+++ PROVIDED DATA +++

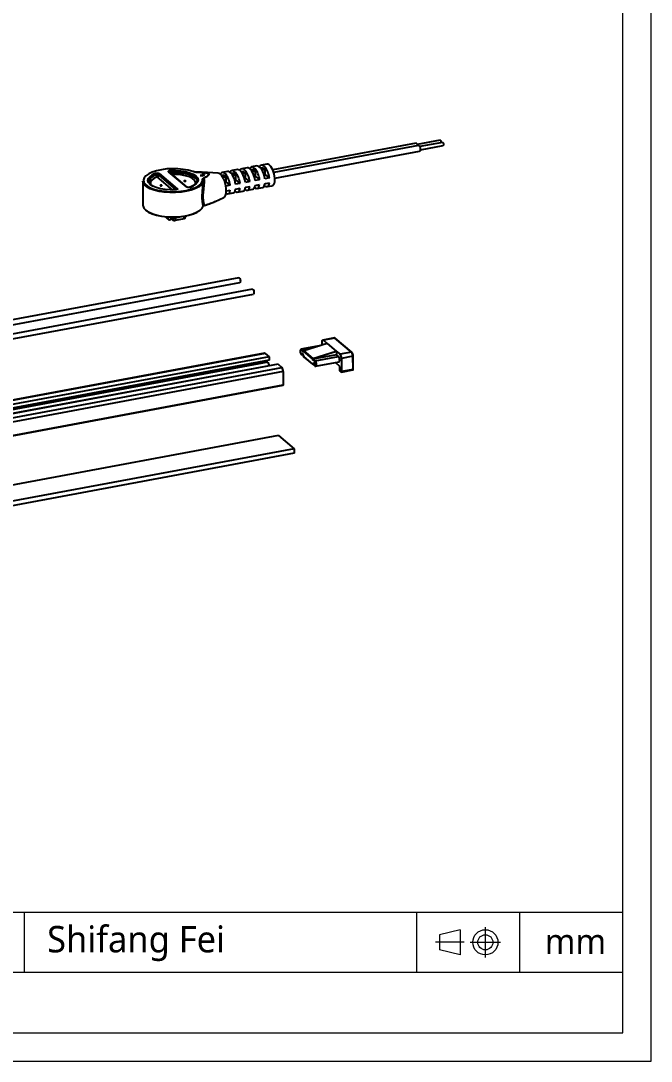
# Model space of a CAD drawing. Header units: millimetres. Extents: x 1020 to 1472, y -35 to 484.
# Drawn here: x 1375 to 1471.5, y -35.1 to 124.2 of the extents above; entities that cross this region are included whole.
import ezdxf

# ---------------------------------------------------------------- set-up
doc = ezdxf.new("R2010")
doc.units = ezdxf.units.MM
doc.layers.get('Defpoints').update_dxf_attribs({"color": 6, "lineweight": 9})
doc.layers.add('SolidLine', color=7, linetype='Continuous', lineweight=30)
doc.styles.add('微软雅黑-Light', font='')
doc.styles.get('微软雅黑-Light').set_extended_font_data('Microsoft YaHei Light')

msp = doc.modelspace()

# ---------------------------------------------------------------- linework, layer by layer
at = {"layer": 'Defpoints'}
for p, q in [((1024.416, -12.229), (1467.171, -12.229)), ((1375.485, -12.229), (1375.485, -21.485)), ((1435.577, -12.229), (1435.577, -21.485)), ((1451.375, -12.229), (1451.375, -21.485)), ((1442.28, -14.928), (1439.1, -15.7)), ((1439.1, -15.7), (1439.1, -18.014)), ((1442.292, -14.924), (1442.292, -18.785)), ((1446.135, -19.171), (1446.135, -14.543)), ((1442.889, -16.857), (1438.503, -16.857)), ((1443.821, -16.857), (1448.449, -16.857)), ((1442.292, -18.785), (1439.1, -18.014)), ((1467.171, -21.485), (1093.837, -21.485))]:
    msp.add_line(p, q, dxfattribs=at)
for points in [[(1471.536, -35.061), (1471.536, 283.539), (1020.096, 283.539), (1020.096, -35.061)], [(1467.216, -30.741), (1467.216, 279.219), (1024.416, 279.219), (1024.416, -30.741)]]:
    msp.add_lwpolyline(points, close=True, dxfattribs=at)
for radius in [1.928, 1.157]:
    msp.add_circle((1446.135, -16.857), radius, dxfattribs=at)
at = {"layer": 'SolidLine', "linetype": 'Continuous', "lineweight": 25}
for p, q in [((1435.518, 105.488), (1413.576, 101.405)), ((1435.904, 105.163), (1413.721, 101.035)), ((1439.192, 105.956), (1435.703, 105.307)), ((1439.578, 105.63), (1436.089, 104.981)), ((1436.181, 104.49), (1439.67, 105.139)), ((1413.905, 100.129), (1436.074, 104.254)), ((1411.153, 102.013), (1410.336, 101.861)), ((1412.653, 102.292), (1411.835, 102.14)), ((1396.111, 100.582), (1398.751, 98.358)), ((1398.873, 98.435), (1396.115, 100.758)), ((1396.205, 100.859), (1398.963, 98.536)), ((1400.387, 98.801), (1397.629, 101.124)), ((1400.452, 98.785), (1397.694, 101.109)), ((1402.723, 100.617), (1402.478, 100.549)), ((1402.478, 100.549), (1402.758, 100.494)), ((1402.724, 100.525), (1402.673, 100.511)), ((1402.736, 100.573), (1402.723, 100.617)), ((1402.724, 100.525), (1402.723, 100.617)), ((1402.731, 100.499), (1402.724, 100.525)), ((1402.737, 100.823), (1402.726, 100.783)), ((1402.736, 100.498), (1402.736, 100.573)), ((1402.737, 100.784), (1402.737, 100.823)), ((1402.758, 100.494), (1402.747, 100.534)), ((1402.747, 100.496), (1402.747, 100.534)), ((1405.239, 100.9), (1402.782, 101.042)), ((1403.015, 100.589), (1403.014, 100.681)), ((1403.015, 100.589), (1403.014, 100.582)), ((1406.087, 100.621), (1405.749, 100.559)), ((1406.655, 101.176), (1405.837, 101.024)), ((1406.421, 100.34), (1406.087, 100.621)), ((1407.586, 100.9), (1407.249, 100.838)), ((1408.155, 101.455), (1407.337, 101.303)), ((1407.92, 100.619), (1407.454, 100.532)), ((1407.92, 100.619), (1407.586, 100.9)), ((1407.926, 99.883), (1407.92, 100.619)), ((1409.086, 101.179), (1408.748, 101.117)), ((1409.654, 101.734), (1408.836, 101.582)), ((1409.42, 100.898), (1408.954, 100.811)), ((1409.42, 100.898), (1409.086, 101.179)), ((1409.426, 100.161), (1409.42, 100.898)), ((1410.585, 101.458), (1410.247, 101.396)), ((1410.919, 101.177), (1410.453, 101.09)), ((1410.919, 101.177), (1410.585, 101.458)), ((1410.744, 100.407), (1410.925, 100.44)), ((1410.925, 100.44), (1410.919, 101.177)), ((1411.567, 99.9), (1410.925, 100.44)), ((1412.084, 101.737), (1411.747, 101.675)), ((1412.418, 101.456), (1411.952, 101.369)), ((1412.418, 101.456), (1412.084, 101.737)), ((1412.244, 100.686), (1412.424, 100.719)), ((1412.424, 100.719), (1412.418, 101.456)), ((1413.066, 100.179), (1412.424, 100.719)), ((1393.672, 99.7), (1393.702, 95.971)), ((1398.259, 98.331), (1395.887, 100.33)), ((1400.454, 98.784), (1400.452, 98.785)), ((1406.421, 100.34), (1405.954, 100.253)), ((1406.249, 99.57), (1406.427, 99.604)), ((1407.069, 99.063), (1406.406, 98.939)), ((1406.427, 99.604), (1406.421, 100.34)), ((1407.069, 99.063), (1406.427, 99.604)), ((1407.746, 99.849), (1407.926, 99.883)), ((1408.568, 99.342), (1407.887, 99.215)), ((1408.568, 99.342), (1407.926, 99.883)), ((1409.245, 100.128), (1409.426, 100.161)), ((1410.068, 99.621), (1409.386, 99.494)), ((1409.392, 98.757), (1410.074, 98.884)), ((1410.068, 99.621), (1409.426, 100.161)), ((1410.937, 98.967), (1410.877, 98.956)), ((1411.567, 99.9), (1410.886, 99.773)), ((1410.892, 99.036), (1411.573, 99.163)), ((1410.937, 98.967), (1410.936, 99.044)), ((1412.436, 99.246), (1412.377, 99.235)), ((1413.066, 100.179), (1412.385, 100.052)), ((1412.391, 99.315), (1413.072, 99.442)), ((1412.436, 99.246), (1412.436, 99.323)), ((1412.686, 98.844), (1413.504, 98.996)), ((1398.867, 98.387), (1398.873, 98.435)), ((1406.47, 98.213), (1407.075, 98.326)), ((1406.688, 97.728), (1407.506, 97.88)), ((1407.938, 98.409), (1407.879, 98.398)), ((1407.893, 98.478), (1408.574, 98.605)), ((1407.938, 98.409), (1407.938, 98.487)), ((1408.188, 98.007), (1409.006, 98.159)), ((1409.438, 98.688), (1409.378, 98.677)), ((1409.438, 98.688), (1409.437, 98.766)), ((1409.687, 98.286), (1410.505, 98.438)), ((1411.187, 98.565), (1412.004, 98.717)), ((1403.061, 95.953), (1403.07, 95.956)), ((1404.783, 96.591), (1406.08, 97.165)), ((1397.581, 93.841), (1397.149, 94.204)), ((1397.581, 93.841), (1397.578, 94.171)), ((1397.909, 94.156), (1397.912, 93.796)), ((1398.139, 93.861), (1398.137, 94.152)), ((1398.228, 94.151), (1398.303, 94.089)), ((1398.306, 93.72), (1398.303, 94.089)), ((1399.759, 94.252), (1398.635, 94.043)), ((1398.635, 94.043), (1398.638, 93.675)), ((1400.001, 93.928), (1399.998, 94.288)), ((1400.146, 94.018), (1400.144, 94.313)), ((1400.184, 94.218), (1400.145, 94.211)), ((1400.184, 94.218), (1400.183, 94.32)), ((1400.33, 94.308), (1400.329, 94.348)), ((1398.162, 93.842), (1397.912, 93.796)), ((1398.306, 93.72), (1398.139, 93.861)), ((1400.001, 93.928), (1398.638, 93.675)), ((1408.393, 84.892), (1283.9, 61.728)), ((1284.037, 60.99), (1408.531, 84.154)), ((1410.48, 83.134), (1285.987, 59.97)), ((1286.124, 59.232), (1410.617, 82.396)), ((1421.132, 74.597), (1421.128, 75.045)), ((1423.017, 75.691), (1421.245, 75.361)), ((1423.105, 75.659), (1421.333, 75.33)), ((1421.333, 75.33), (1421.917, 74.837)), ((1425.651, 73.515), (1423.105, 75.659)), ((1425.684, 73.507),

+++

- [TASK STATEMENT]
What is needed is an exact copy of each line from the top of the data above through the line containing "import ezdxf", with no pictures.

- [ANSWER BOX]
# Model space of a CAD drawing. Header units: millimetres. Extents: x 1020 to 1472, y -35 to 484.
# Drawn here: x 1375 to 1471.5, y -35.1 to 124.2 of the extents above; entities that cross this region are included whole.
import ezdxf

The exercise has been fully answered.